Depending on the person who did the work it may be decent work, or not at all. And I expect to buy a car in decent shape anyway... "car runs fine" is often seen in ads and therefore the one with the recently rebuilt engine may work just as well as one running on original seals.

In my case I bought a 964 with a rebuild by an OPC. The car at some point ran poorly on hot days and leaked a lot of oil. So in it goes with my expert mech (40 years of 911 experience, worked for Porsche, Ruf and as a mech at 24 hrs Le Mans... in short, he is the only person that knows my car better than I do). He opens it up after 20k km since the previous rebuild. Started by stating a valve hit the valve cover at some point... next he discovered cylinder bore scoring, I asked him to strip further, next was a blue con rod. Clearly some things were not done right with the rebuild the first time.

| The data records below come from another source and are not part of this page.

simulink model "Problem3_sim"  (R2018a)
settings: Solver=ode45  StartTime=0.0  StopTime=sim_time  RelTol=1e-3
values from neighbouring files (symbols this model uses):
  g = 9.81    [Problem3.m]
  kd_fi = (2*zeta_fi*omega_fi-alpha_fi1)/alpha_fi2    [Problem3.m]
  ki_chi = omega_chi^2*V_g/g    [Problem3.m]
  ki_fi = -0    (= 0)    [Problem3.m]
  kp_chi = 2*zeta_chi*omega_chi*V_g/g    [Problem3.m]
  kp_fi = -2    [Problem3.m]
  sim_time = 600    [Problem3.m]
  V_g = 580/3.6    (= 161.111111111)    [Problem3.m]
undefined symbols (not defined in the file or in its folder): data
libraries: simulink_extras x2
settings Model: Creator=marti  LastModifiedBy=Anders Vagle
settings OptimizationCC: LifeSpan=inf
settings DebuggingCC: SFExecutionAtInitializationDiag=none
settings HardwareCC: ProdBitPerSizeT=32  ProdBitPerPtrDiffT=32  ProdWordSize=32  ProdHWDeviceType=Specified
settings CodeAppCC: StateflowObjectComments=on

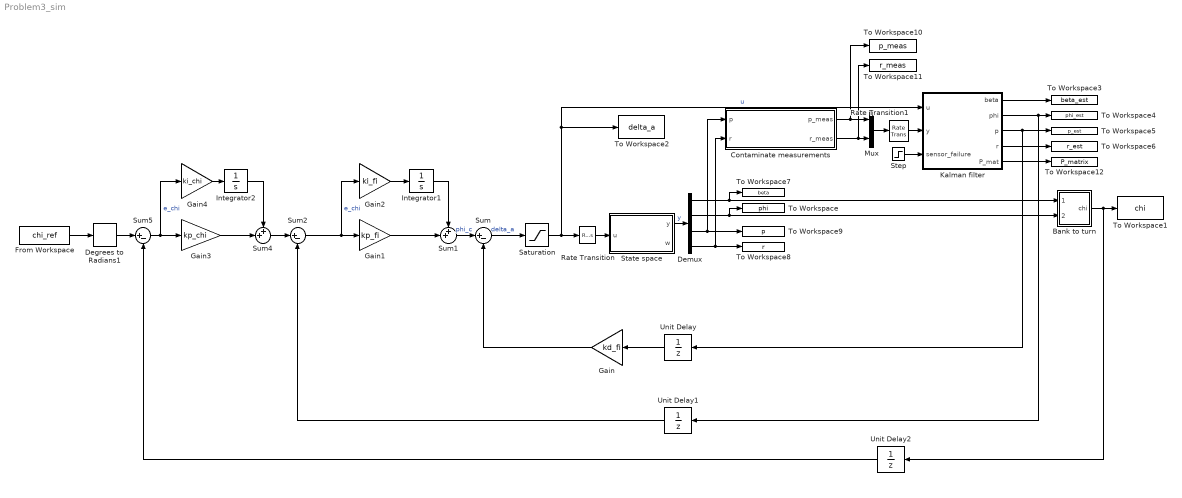
== system Problem3_sim ==
  Bank to turn : Subsystem
  Contaminate measurements : MATLAB Function  TreatAsAtomicUnit=on
  Degrees to Radians1 : simulink_extras/Transformations/Degrees to Radians
  Demux : Demux
  From Workspace : FromWorkspace  VariableName=chi_ref  SampleTime=0  Interpolate=off  OutputAfterFinalValue=Holding final value
  Gain : Gain  Gain=kd_fi
  Gain1 : Gain  Gain=kp_fi
  Gain2 : Gain  Gain=ki_fi
  Gain3 : Gain  Gain=kp_chi
  Gain4 : Gain  Gain=ki_chi
  Integrator1 : Integrator
  Integrator2 : Integrator
  Kalman filter : MATLAB Function  TreatAsAtomicUnit=on  mask{data=data}
      mask prompts: data "data struct"
  Mux : Mux  Inputs=2
  Rate Transition : RateTransition  OutPortSampleTime=Ts
  Rate Transition1 : RateTransition
  Saturation : Saturate  UpperLimit=30/180*pi  LowerLimit=-30/180*pi
  State space : MATLAB Function  TreatAsAtomicUnit=on
  Step : Step  Time=sim_time*2  SampleTime=0
  Sum : Sum  Inputs=|+-
  Sum1 : Sum  Inputs=++|
  Sum2 : Sum  Inputs=|+-
  Sum4 : Sum  Inputs=++|
  Sum5 : Sum  Inputs=|+-
  To Workspace : ToWorkspace  VariableName=phi  SaveFormat=Timeseries  SampleTime=-1
  To Workspace1 : ToWorkspace  VariableName=chi  SaveFormat=Timeseries  SampleTime=-1
  To Workspace10 : ToWorkspace  VariableName=p_meas  SaveFormat=Timeseries  SampleTime=-1
  To Workspace11 : ToWorkspace  VariableName=r_meas  SaveFormat=Timeseries  SampleTime=-1
  To Workspace12 : ToWorkspace  VariableName=P_matrix  SampleTime=-1
  To Workspace2 : ToWorkspace  VariableName=delta_a  SaveFormat=Timeseries  SampleTime=-1
  To Workspace3 : ToWorkspace  VariableName=beta_est  SaveFormat=Timeseries  SampleTime=-1
  To Workspace4 : ToWorkspace  VariableName=phi_est  SaveFormat=Timeseries  SampleTime=-1
  To Workspace5 : ToWorkspace  VariableName=p_est  SaveFormat=Timeseries  SampleTime=-1
  To Workspace6 : ToWorkspace  VariableName=r_est  SaveFormat=Timeseries  SampleTime=-1
  To Workspace7 : ToWorkspace  VariableName=beta  SaveFormat=Timeseries  SampleTime=-1
  To Workspace8 : ToWorkspace  VariableName=r  SaveFormat=Timeseries  SampleTime=-1
  To Workspace9 : ToWorkspace  VariableName=p  SaveFormat=Timeseries  SampleTime=-1
  Unit Delay : UnitDelay  SampleTime=-1
  Unit Delay1 : UnitDelay  SampleTime=-1
  Unit Delay2 : UnitDelay  SampleTime=-1
  wires:
  Gain/1 -> Sum/2
  Sum1/1 -> Sum/1  "phi_c"
  Integrator1/1 -> Sum1/1
  Gain1/1 -> Sum1/2
  Sum2/1 -> Gain2/1, Gain1/1  "e_chi"
  Demux/2 -> To Workspace/1, Bank to turn/2(phi)
  Integrator2/1 -> Sum4/1
  Gain3/1 -> Sum4/2
  Sum5/1 -> Gain4/1, Gain3/1  "e_chi"
  Sum/1 -> Saturation/1  "delta_a"
  Sum4/1 -> Sum2/1
  Degrees to Radians1/1 -> Sum5/1
  From Workspace/1 -> Degrees to Radians1/1
  Demux/1 -> To Workspace7/1, Bank to turn/1(beta)
  Saturation/1 -> Rate Transition/1, Kalman filter/1(u), To Workspace2/1  "u"
  State space/1(y) -> Demux/1  "y"
  Demux/3 -> To Workspace9/1, Contaminate measurements/1(p)
  Gain2/1 -> Integrator1/1
  Gain4/1 -> Integrator2/1
  Demux/4 -> Contaminate measurements/2(r), To Workspace8/1
  Contaminate measurements/2(r_meas) -> To Workspace11/1, Mux/2
  Contaminate measurements/1(p_meas) -> Mux/1, To Workspace10/1
  Kalman filter/1(beta) -> To Workspace3/1
  Kalman filter/2(phi) -> Unit Delay1/1, To Workspace4/1
  Kalman filter/3(p) -> Unit Delay/1, To Workspace5/1
  Kalman filter/4(r) -> To Workspace6/1
  Rate Transition/1 -> State space/1(u)
  Unit Delay/1 -> Gain/1
  Unit Delay1/1 -> Sum2/2
  Mux/1 -> Rate Transition1/1
  Rate Transition1/1 -> Kalman filter/2(y)
  Unit Delay2/1 -> Sum5/2
  Bank to turn/1(chi) -> To Workspace1/1, Unit Delay2/1
  Kalman filter/5(P_mat) -> To Workspace12/1
  Step/1 -> Kalman filter/3(sensor_failure)

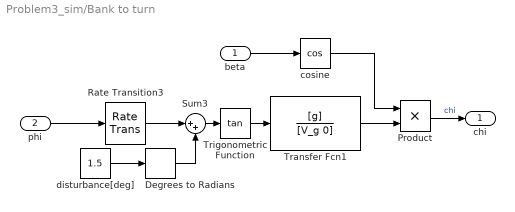
== system Problem3_sim/Bank to turn ==
  beta : Inport
  phi : Inport  Port=2
  Degrees to Radians : simulink_extras/Transformations/Degrees to Radians
  Product : Product
  Rate Transition3 : RateTransition  OutPortSampleTime=Ts
  Sum3 : Sum  Inputs=|++
  Transfer Fcn1 : TransferFcn  Numerator=[g]  Denominator=[V_g 0]
  Trigonometric Function : Trigonometry  Operator=tan
  cosine : Trigonometry  Operator=cos
  disturbance[deg] : Constant  Value=1.5
  chi : Outport
  wires:
  cosine/1 -> Product/1
  phi/1 -> Rate Transition3/1
  beta/1 -> cosine/1
  disturbance[deg]/1 -> Degrees to Radians/1
  Trigonometric Function/1 -> Transfer Fcn1/1
  Rate Transition3/1 -> Sum3/1
  Sum3/1 -> Trigonometric Function/1
  Degrees to Radians/1 -> Sum3/2
  Transfer Fcn1/1 -> Product/2
  Product/1 -> chi/1  "chi"

== matlab function Problem3_sim/Contaminate measurements ==
  data: p input; p_meas output; r input; r_meas output
function [p_meas, r_meas] = contaminate(p, r)

% persistent counter; % Variable for checking if it is the first iteration.
% coder.extrinsic('randn','rng');
% if isempty(counter)
%    counter = 1;
%    rng('shuffle'); % Necessary for generating unique process noise for every simulation.
% end

% var_p = 0.2^2;
% var_r = 0.2^2;

p_meas = p + randn(1,1)*sqrt((0.2*pi/180)^2);
r_meas = r + randn(1,1)*sqrt((0.2*pi/180)^2);

== matlab function Problem3_sim/State space ==
  data: u input; y output; w output
function [y, w] = state_space(u)
% Generate the output of the state space

    % Persistent variables to be kept between function calls
    persistent counter; % Variable for checking if it is the first iteration.
    persistent x;       % The state x
    
   % The next line is necessary for generating unique process noise for every simulation.
   % Otherwise, the noise will be equal every time you run the simulation,
   % even though it is white. This has to do with how Matlab generates
   % random numbers. 
   %coder.extrinsic('randn','rng');
    
    h = 0.01;       % Time step of Euler integration
    delta_a_c = u;  % Aileron input
    
    if isempty(counter)
      % First iteration
        counter = 1;
           
        % Initialize state space
        x = zeros(5,1);
        w = zeros(5,1); 
        rng(100); % Necessary for generating unique process noise for every simulation.
    
    else
        % State-space matrices
        A = [-0.322, 0.052, 0.028, -1.12, 0.002;
             0, 0, 1, -0.001, 0;
             -10.6, 0, -2.87, 0.46, -0.65;
             6.87, 0, -0.04, -0.32, -0.02;
             0, 0, 0, 0, -7.5];
 
        B = [0; 0; 0; 0; 7.5;];
        
        E = eye(5);
        
        % Discrete version
        Ad = eye(5) + h*A;
        Bd = h*B;
        Ed = E;
        
        % The Qd matrix in the assignment is given directly in discrete-time here and
        % therefore, it is not necessary to discretize E.
        Qd = h*10^-6*[0.001, 0, 0, 0, 0;
                  0, 1, 0, 0, 0;
                  0, 0, 100, 0, 0;
                  0, 0, 0, 10, 0;
                  0, 0, 0, 0, 0];
          
        w = sqrt(Qd)*randn(5,1,1); % The standard deviation must be multiplied with random numbers with a zero-mean unit variance random number to generate process noise. 
        
        % Discrete-time state space update
        x = Ad*x + Bd * delta_a_c + Ed*w;
    end
    y = x(1:4); % Return every state except the actuator state.
end

== matlab function Problem3_sim/Kalman filter ==
  settings: updateMethod=DISCRETE  sampleTime=Ts
  data: beta output; u input; y input; sensor_failure input; data parameter; phi output; p output; r output; P_mat output
function [beta,phi,p,r, P_mat]  = Kalman_filter(u,y,sensor_failure,data)
persistent xpri xhat P;

A = data.A;
B = data.B;
C = data.C;
Q = data.Q;
R = data.R;
I = data.I;
E = data.E;

if isempty(xpri)
    xpri = data.xhat0;
    P = data.P;
end

if sensor_failure
    R = [1000000 0; 0 1000000];
end

K = P*C'/(C*P*C' + R);
xhat = xpri + K*(y - C*xpri);
P = (I - K*C)*P*(I - K*C)' + K*R*K';

xpri = A*xhat + B*u;
P = A*P*A' + E*Q*E';
P_mat = P;

beta = xhat(1);
phi = xhat(2);
p = xhat(3);
r = xhat(4);

At that point my wife said, just go all in... she's gold I tell you. So blank check comes out, but I source parts.

Full rebuild, new pistons cylinders, con rods, bearings, chains, seals, valve guides. Everything machined and cleaned that needed it. New sensors... anything replaced that looked worn. Oil hoses, vacuum connections hoses... but didn't do plating since it was my daily car and I just don't care for a bling look in the engine bay. Total cost: a hair over 10k USD 4 years ago.

I got lucky with a good few new parts like pistons and cylinders (Mahle) for 1100 and con rods new for 350.

Engine runs fine now with no need for adding oil between change intervals at 5k km or 6 months.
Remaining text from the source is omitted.